5. EFFECTIVE MANAGEMENT TEAM

While potential buyers will value the management team differently from one another, a strong team with a successful track record will play an important role in the valuation of the company. 

A pure financial buyer will value a team who can keep the business running and can execute the contemplated growth plan. Businesses that depend upon one particular person, chef, or restaurateur, may be deemed less valuable, because of the risk of losing that key person. 

A strategic buyer may plan on acquiring the business and creating economy of scale by eliminating senior positions, then merging companies together. In this case, the strategic buyer will focus upon store level talent and operational middle management. Showing low turnover and retention will be key to keeping the valuation high. 

 

6. SAME STORE PERFORMANCE

The market will analyze year over year store performances that are a year or older. Sales and bottom line results of same stores will be one of the most important factors in valuing a business. These are a reflection of brand loyalty, competitive landscape, and operational performance.

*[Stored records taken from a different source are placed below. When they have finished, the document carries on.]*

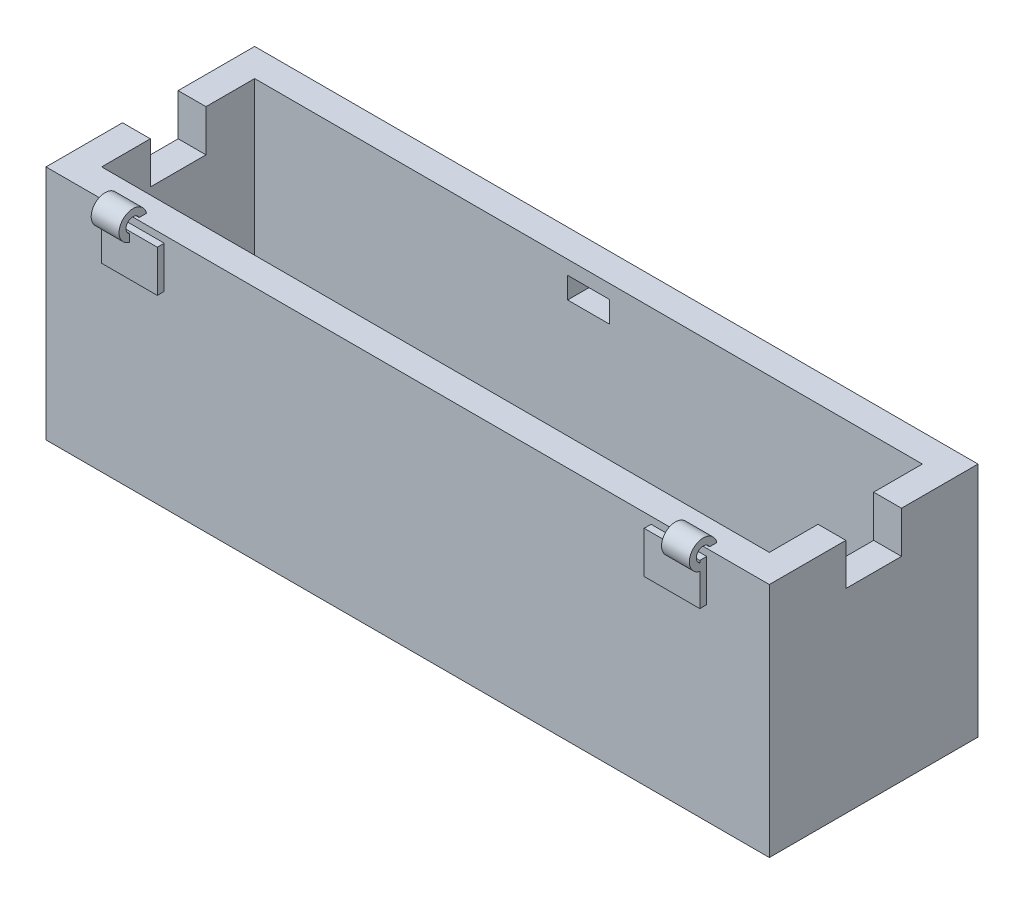
ISO-10303-21;
HEADER;
FILE_DESCRIPTION(('STEP AP214'),'2;1');
FILE_NAME('part.step','',(''),(''),'','','');
FILE_SCHEMA(('AUTOMOTIVE_DESIGN { 1 0 10303 214 1 1 1 1 }'));
ENDSEC;
DATA;
#1=APPLICATION_CONTEXT('core data for automotive mechanical design processes');
#2=APPLICATION_PROTOCOL_DEFINITION('international standard','automotive_design',2000,#1);
#3=PRODUCT_CONTEXT('',#1,'mechanical');
#4=PRODUCT('Part','Part','',(#3));
#5=PRODUCT_RELATED_PRODUCT_CATEGORY('part','',(#4));
#6=PRODUCT_DEFINITION_FORMATION('','',#4);
#7=PRODUCT_DEFINITION_CONTEXT('part definition',#1,'design');
#8=PRODUCT_DEFINITION('design','',#6,#7);
#9=PRODUCT_DEFINITION_SHAPE('','',#8);
#10=(LENGTH_UNIT() NAMED_UNIT(*) SI_UNIT(.MILLI.,.METRE.));
#11=(NAMED_UNIT(*) PLANE_ANGLE_UNIT() SI_UNIT($,.RADIAN.));
#12=(NAMED_UNIT(*) SI_UNIT($,.STERADIAN.) SOLID_ANGLE_UNIT());
#13=UNCERTAINTY_MEASURE_WITH_UNIT(LENGTH_MEASURE(1.E-05),#10,'distance_accuracy_value','');
#14=(GEOMETRIC_REPRESENTATION_CONTEXT(3) GLOBAL_UNCERTAINTY_ASSIGNED_CONTEXT((#13)) GLOBAL_UNIT_ASSIGNED_CONTEXT((#10,
#11,#12)) REPRESENTATION_CONTEXT('',''));
#15=CARTESIAN_POINT('',(0.,0.,0.));
#16=DIRECTION('',(0.,0.,1.));
#17=DIRECTION('',(1.,0.,0.));
#18=AXIS2_PLACEMENT_3D('',#15,#16,#17);
#19=CARTESIAN_POINT('',(0.,140.,0.));
#20=DIRECTION('',(0.,1.,0.));
#21=DIRECTION('',(0.,0.,1.));
#22=AXIS2_PLACEMENT_3D('',#19,#20,#21);
#23=PLANE('',#22);
#24=DIRECTION('',(-1.,0.,0.));
#25=VECTOR('',#24,1.);
#26=CARTESIAN_POINT('',(260.,140.,-20.0000000000002));
#27=LINE('',#26,#25);
#28=CARTESIAN_POINT('',(260.,140.,-20.0000000000002));
#29=VERTEX_POINT('',#28);
#30=CARTESIAN_POINT('',(240.,140.,-20.0000000000002));
#31=VERTEX_POINT('',#30);
#32=EDGE_CURVE('E340',#29,#31,#27,.T.);
#33=ORIENTED_EDGE('',*,*,#32,.F.);
#34=DIRECTION('',(0.,0.,-1.));
#35=VECTOR('',#34,1.);
#36=CARTESIAN_POINT('',(260.,140.,-75.));
#37=LINE('',#36,#35);
#38=CARTESIAN_POINT('',(260.,140.,-75.));
#39=VERTEX_POINT('',#38);
#40=EDGE_CURVE('E500',#29,#39,#37,.T.);
#41=ORIENTED_EDGE('',*,*,#40,.T.);
#42=DIRECTION('',(-1.,0.,0.));
#43=VECTOR('',#42,1.);
#44=CARTESIAN_POINT('',(-260.,140.,-75.));
#45=LINE('',#44,#43);
#46=CARTESIAN_POINT('',(15.,140.,-75.));
#47=VERTEX_POINT('',#46);
#48=EDGE_CURVE('E512',#39,#47,#45,.T.);
#49=ORIENTED_EDGE('',*,*,#48,.T.);
#50=CARTESIAN_POINT('',(-15.0000000000001,140.,-75.));
#51=VERTEX_POINT('',#50);
#52=EDGE_CURVE('E515',#47,#51,#45,.T.);
#53=ORIENTED_EDGE('',*,*,#52,.T.);
#54=CARTESIAN_POINT('',(-260.,140.,-75.));
#55=VERTEX_POINT('',#54);
#56=EDGE_CURVE('E511',#51,#55,#45,.T.);
#57=ORIENTED_EDGE('',*,*,#56,.T.);
#58=DIRECTION('',(0.,0.,1.));
#59=VECTOR('',#58,1.);
#60=CARTESIAN_POINT('',(-260.,140.,-75.));
#61=LINE('',#60,#59);
#62=CARTESIAN_POINT('',(-260.,140.,-20.));
#63=VERTEX_POINT('',#62);
#64=EDGE_CURVE('E516',#55,#63,#61,.T.);
#65=ORIENTED_EDGE('',*,*,#64,.T.);
#66=CARTESIAN_POINT('',(-240.,140.,-20.));
#67=VERTEX_POINT('',#66);
#68=EDGE_CURVE('E343',#67,#63,#27,.T.);
#69=ORIENTED_EDGE('',*,*,#68,.F.);
#70=DIRECTION('',(0.,0.,1.));
#71=VECTOR('',#70,1.);
#72=CARTESIAN_POINT('',(-240.,140.,-55.));
#73=LINE('',#72,#71);
#74=CARTESIAN_POINT('',(-240.,140.,-55.));
#75=VERTEX_POINT('',#74);
#76=EDGE_CURVE('E493',#75,#67,#73,.T.);
#77=ORIENTED_EDGE('',*,*,#76,.F.);
#78=DIRECTION('',(-1.,0.,0.));
#79=VECTOR('',#78,1.);
#80=CARTESIAN_POINT('',(-240.,140.,-55.));
#81=LINE('',#80,#79);
#82=CARTESIAN_POINT('',(240.,140.,-55.));
#83=VERTEX_POINT('',#82);
#84=EDGE_CURVE('E489',#83,#75,#81,.T.);
#85=ORIENTED_EDGE('',*,*,#84,.F.);
#86=DIRECTION('',(0.,0.,-1.));
#87=VECTOR('',#86,1.);
#88=CARTESIAN_POINT('',(240.,140.,-55.));
#89=LINE('',#88,#87);
#90=EDGE_CURVE('E471',#31,#83,#89,.T.);
#91=ORIENTED_EDGE('',*,*,#90,.F.);
#92=EDGE_LOOP('',(#33,#41,#49,#53,#57,#65,#69,#77,#85,#91));
#93=FACE_BOUND('',#92,.T.);
#94=ADVANCED_FACE('F45',(#93),#23,.T.);
#95=CARTESIAN_POINT('',(260.,140.,-75.));
#96=DIRECTION('',(-1.,0.,0.));
#97=DIRECTION('',(0.,0.,1.));
#98=AXIS2_PLACEMENT_3D('',#95,#96,#97);
#99=PLANE('',#98);
#100=ORIENTED_EDGE('',*,*,#40,.F.);
#101=DIRECTION('',(0.,-1.,0.));
#102=VECTOR('',#101,1.);
#103=CARTESIAN_POINT('',(260.,140.,-20.0000000000002));
#104=LINE('',#103,#102);
#105=CARTESIAN_POINT('',(260.,110.,-20.0000000000002));
#106=VERTEX_POINT('',#105);
#107=EDGE_CURVE('E323',#29,#106,#104,.T.);
#108=ORIENTED_EDGE('',*,*,#107,.T.);
#109=DIRECTION('',(0.,0.,1.));
#110=VECTOR('',#109,1.);
#111=CARTESIAN_POINT('',(260.,110.,-20.0000000000002));
#112=LINE('',#111,#110);
#113=CARTESIAN_POINT('',(260.,110.,19.9999999999998));
#114=VERTEX_POINT('',#113);
#115=EDGE_CURVE('E326',#106,#114,#112,.T.);
#116=ORIENTED_EDGE('',*,*,#115,.T.);
#117=DIRECTION('',(0.,1.,0.));
#118=VECTOR('',#117,1.);
#119=CARTESIAN_POINT('',(260.,140.,19.9999999999998));
#120=LINE('',#119,#118);
#121=CARTESIAN_POINT('',(260.,140.,19.9999999999998));
#122=VERTEX_POINT('',#121);
#123=EDGE_CURVE('E330',#114,#122,#120,.T.);
#124=ORIENTED_EDGE('',*,*,#123,.T.);
#125=CARTESIAN_POINT('',(260.,140.,75.));
#126=VERTEX_POINT('',#125);
#127=EDGE_CURVE('E508',#126,#122,#37,.T.);
#128=ORIENTED_EDGE('',*,*,#127,.F.);
#129=DIRECTION('',(0.,-1.,0.));
#130=VECTOR('',#129,1.);
#131=CARTESIAN_POINT('',(260.,140.,75.));
#132=LINE('',#131,#130);
#133=CARTESIAN_POINT('',(260.,-30.,75.));
#134=VERTEX_POINT('',#133);
#135=EDGE_CURVE('E521',#126,#134,#132,.T.);
#136=ORIENTED_EDGE('',*,*,#135,.T.);
#137=DIRECTION('',(0.,0.,1.));
#138=VECTOR('',#137,1.);
#139=CARTESIAN_POINT('',(260.,-30.,-75.));
#140=LINE('',#139,#138);
#141=CARTESIAN_POINT('',(260.,-30.,-75.));
#142=VERTEX_POINT('',#141);
#143=EDGE_CURVE('E316',#142,#134,#140,.T.);
#144=ORIENTED_EDGE('',*,*,#143,.F.);
#145=DIRECTION('',(0.,-1.,0.));
#146=VECTOR('',#145,1.);
#147=CARTESIAN_POINT('',(260.,140.,-75.));
#148=LINE('',#147,#146);
#149=EDGE_CURVE('E527',#39,#142,#148,.T.);
#150=ORIENTED_EDGE('',*,*,#149,.F.);
#151=EDGE_LOOP('',(#100,#108,#116,#124,#128,#136,#144,#150));
#152=FACE_BOUND('',#151,.T.);
#153=ADVANCED_FACE('F608',(#152),#99,.F.);
#154=CARTESIAN_POINT('',(-260.,140.,-75.));
#155=DIRECTION('',(0.,0.,1.));
#156=DIRECTION('',(1.,0.,0.));
#157=AXIS2_PLACEMENT_3D('',#154,#155,#156);
#158=PLANE('',#157);
#159=DIRECTION('',(0.,-1.,0.));
#160=VECTOR('',#159,1.);
#161=CARTESIAN_POINT('',(15.,130.,-75.));
#162=LINE('',#161,#160);
#163=CARTESIAN_POINT('',(15.,114.647041027345,-75.));
#164=VERTEX_POINT('',#163);
#165=EDGE_CURVE('E67',#47,#164,#162,.T.);
#166=ORIENTED_EDGE('',*,*,#165,.F.);
#167=ORIENTED_EDGE('',*,*,#48,.F.);
#168=ORIENTED_EDGE('',*,*,#149,.T.);
#169=DIRECTION('',(1.,0.,0.));
#170=VECTOR('',#169,1.);
#171=CARTESIAN_POINT('',(-260.,-30.,-75.));
#172=LINE('',#171,#170);
#173=CARTESIAN_POINT('',(-260.,-30.,-75.));
#174=VERTEX_POINT('',#173);
#175=EDGE_CURVE('E313',#174,#142,#172,.T.);
#176=ORIENTED_EDGE('',*,*,#175,.F.);
#177=DIRECTION('',(0.,-1.,0.));
#178=VECTOR('',#177,1.);
#179=CARTESIAN_POINT('',(-260.,140.,-75.));
#180=LINE('',#179,#178);
#181=EDGE_CURVE('E525',#55,#174,#180,.T.);
#182=ORIENTED_EDGE('',*,*,#181,.F.);
#183=ORIENTED_EDGE('',*,*,#56,.F.);
#184=DIRECTION('',(0.,1.,0.));
#185=VECTOR('',#184,1.);
#186=CARTESIAN_POINT('',(-15.0000000000001,130.,-75.));
#187=LINE('',#186,#185);
#188=CARTESIAN_POINT('',(-15.0000000000001,114.647041027345,-75.));
#189=VERTEX_POINT('',#188);
#190=EDGE_CURVE('E59',#189,#51,#187,.T.);
#191=ORIENTED_EDGE('',*,*,#190,.F.);
#192=DIRECTION('',(-1.,0.,0.));
#193=VECTOR('',#192,1.);
#194=CARTESIAN_POINT('',(15.,114.647041027345,-75.));
#195=LINE('',#194,#193);
#196=EDGE_CURVE('E288',#164,#189,#195,.T.);
#197=ORIENTED_EDGE('',*,*,#196,.F.);
#198=EDGE_LOOP('',(#166,#167,#168,#176,#182,#183,#191,#197));
#199=FACE_BOUND('',#198,.T.);
#200=ADVANCED_FACE('F301',(#199),#158,.F.);
#201=CARTESIAN_POINT('',(-260.,140.,-75.));
#202=DIRECTION('',(1.,0.,0.));
#203=DIRECTION('',(0.,0.,-1.));
#204=AXIS2_PLACEMENT_3D('',#201,#202,#203);
#205=PLANE('',#204);
#206=DIRECTION('',(0.,0.,1.));
#207=VECTOR('',#206,1.);
#208=CARTESIAN_POINT('',(-260.,110.,-20.));
#209=LINE('',#208,#207);
#210=CARTESIAN_POINT('',(-260.,110.,-20.));
#211=VERTEX_POINT('',#210);
#212=CARTESIAN_POINT('',(-260.,110.,20.));
#213=VERTEX_POINT('',#212);
#214=EDGE_CURVE('E336',#211,#213,#209,.T.);
#215=ORIENTED_EDGE('',*,*,#214,.F.);
#216=DIRECTION('',(0.,-1.,0.));
#217=VECTOR('',#216,1.);
#218=CARTESIAN_POINT('',(-260.,140.,-20.));
#219=LINE('',#218,#217);
#220=EDGE_CURVE('E322',#63,#211,#219,.T.);
#221=ORIENTED_EDGE('',*,*,#220,.F.);
#222=ORIENTED_EDGE('',*,*,#64,.F.);
#223=ORIENTED_EDGE('',*,*,#181,.T.);
#224=DIRECTION('',(0.,0.,-1.));
#225=VECTOR('',#224,1.);
#226=CARTESIAN_POINT('',(-260.,-30.,-75.));
#227=LINE('',#226,#225);
#228=CARTESIAN_POINT('',(-260.,-30.,75.));
#229=VERTEX_POINT('',#228);
#230=EDGE_CURVE('E308',#229,#174,#227,.T.);
#231=ORIENTED_EDGE('',*,*,#230,.F.);
#232=DIRECTION('',(0.,-1.,0.));
#233=VECTOR('',#232,1.);
#234=CARTESIAN_POINT('',(-260.,140.,75.));
#235=LINE('',#234,#233);
#236=CARTESIAN_POINT('',(-260.,140.,75.));
#237=VERTEX_POINT('',#236);
#238=EDGE_CURVE('E523',#237,#229,#235,.T.);
#239=ORIENTED_EDGE('',*,*,#238,.F.);
#240=CARTESIAN_POINT('',(-260.,140.,20.));
#241=VERTEX_POINT('',#240);
#242=EDGE_CURVE('E514',#241,#237,#61,.T.);
#243=ORIENTED_EDGE('',*,*,#242,.F.);
#244=DIRECTION('',(0.,1.,0.));
#245=VECTOR('',#244,1.);
#246=CARTESIAN_POINT('',(-260.,140.,20.));
#247=LINE('',#246,#245);
#248=EDGE_CURVE('E327',#213,#241,#247,.T.);
#249=ORIENTED_EDGE('',*,*,#248,.F.);
#250=EDGE_LOOP('',(#215,#221,#222,#223,#231,#239,#243,#249));
#251=FACE_BOUND('',#250,.T.);
#252=ADVANCED_FACE('F587',(#251),#205,.F.);
#253=CARTESIAN_POINT('',(-260.,140.,75.));
#254=DIRECTION('',(0.,0.,-1.));
#255=DIRECTION('',(-1.,0.,0.));
#256=AXIS2_PLACEMENT_3D('',#253,#254,#255);
#257=PLANE('',#256);
#258=DIRECTION('',(1.,0.,0.));
#259=VECTOR('',#258,1.);
#260=CARTESIAN_POINT('',(-260.,135.,75.));
#261=LINE('',#260,#259);
#262=CARTESIAN_POINT('',(175.,135.,75.));
#263=VERTEX_POINT('',#262);
#264=CARTESIAN_POINT('',(215.,135.,75.));
#265=VERTEX_POINT('',#264);
#266=EDGE_CURVE('E421',#263,#265,#261,.T.);
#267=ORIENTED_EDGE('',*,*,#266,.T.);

When Chipotle experienced health safety issues and traffic to their stores softened, the valuation of the business took a significant hit, based on lower same store sales performance. As soon as same store performance showed improvement, Chipotle's market cap steadily grew back.   

7. BRAND LOYALTY

Buyers will evaluate “raving fans” and in some cases “cult following”. Database, repeat customers, digital presence, and demographics will be analyzed to evaluate how strong the brand is and how likely it is for the brand to continue to perform at that level. Who is your customer? How well-known is your brand? Is your brand memorable? 

When Shake Shack went public, it was valued at over 100 times EBITDA. The brand awareness and reputation played a significant role in Wall Street’s valuation of the company. The association of Shake Shack's founder and acclaimed restauranteur, Danny Meyer, brought a new level of recognition for the Brand.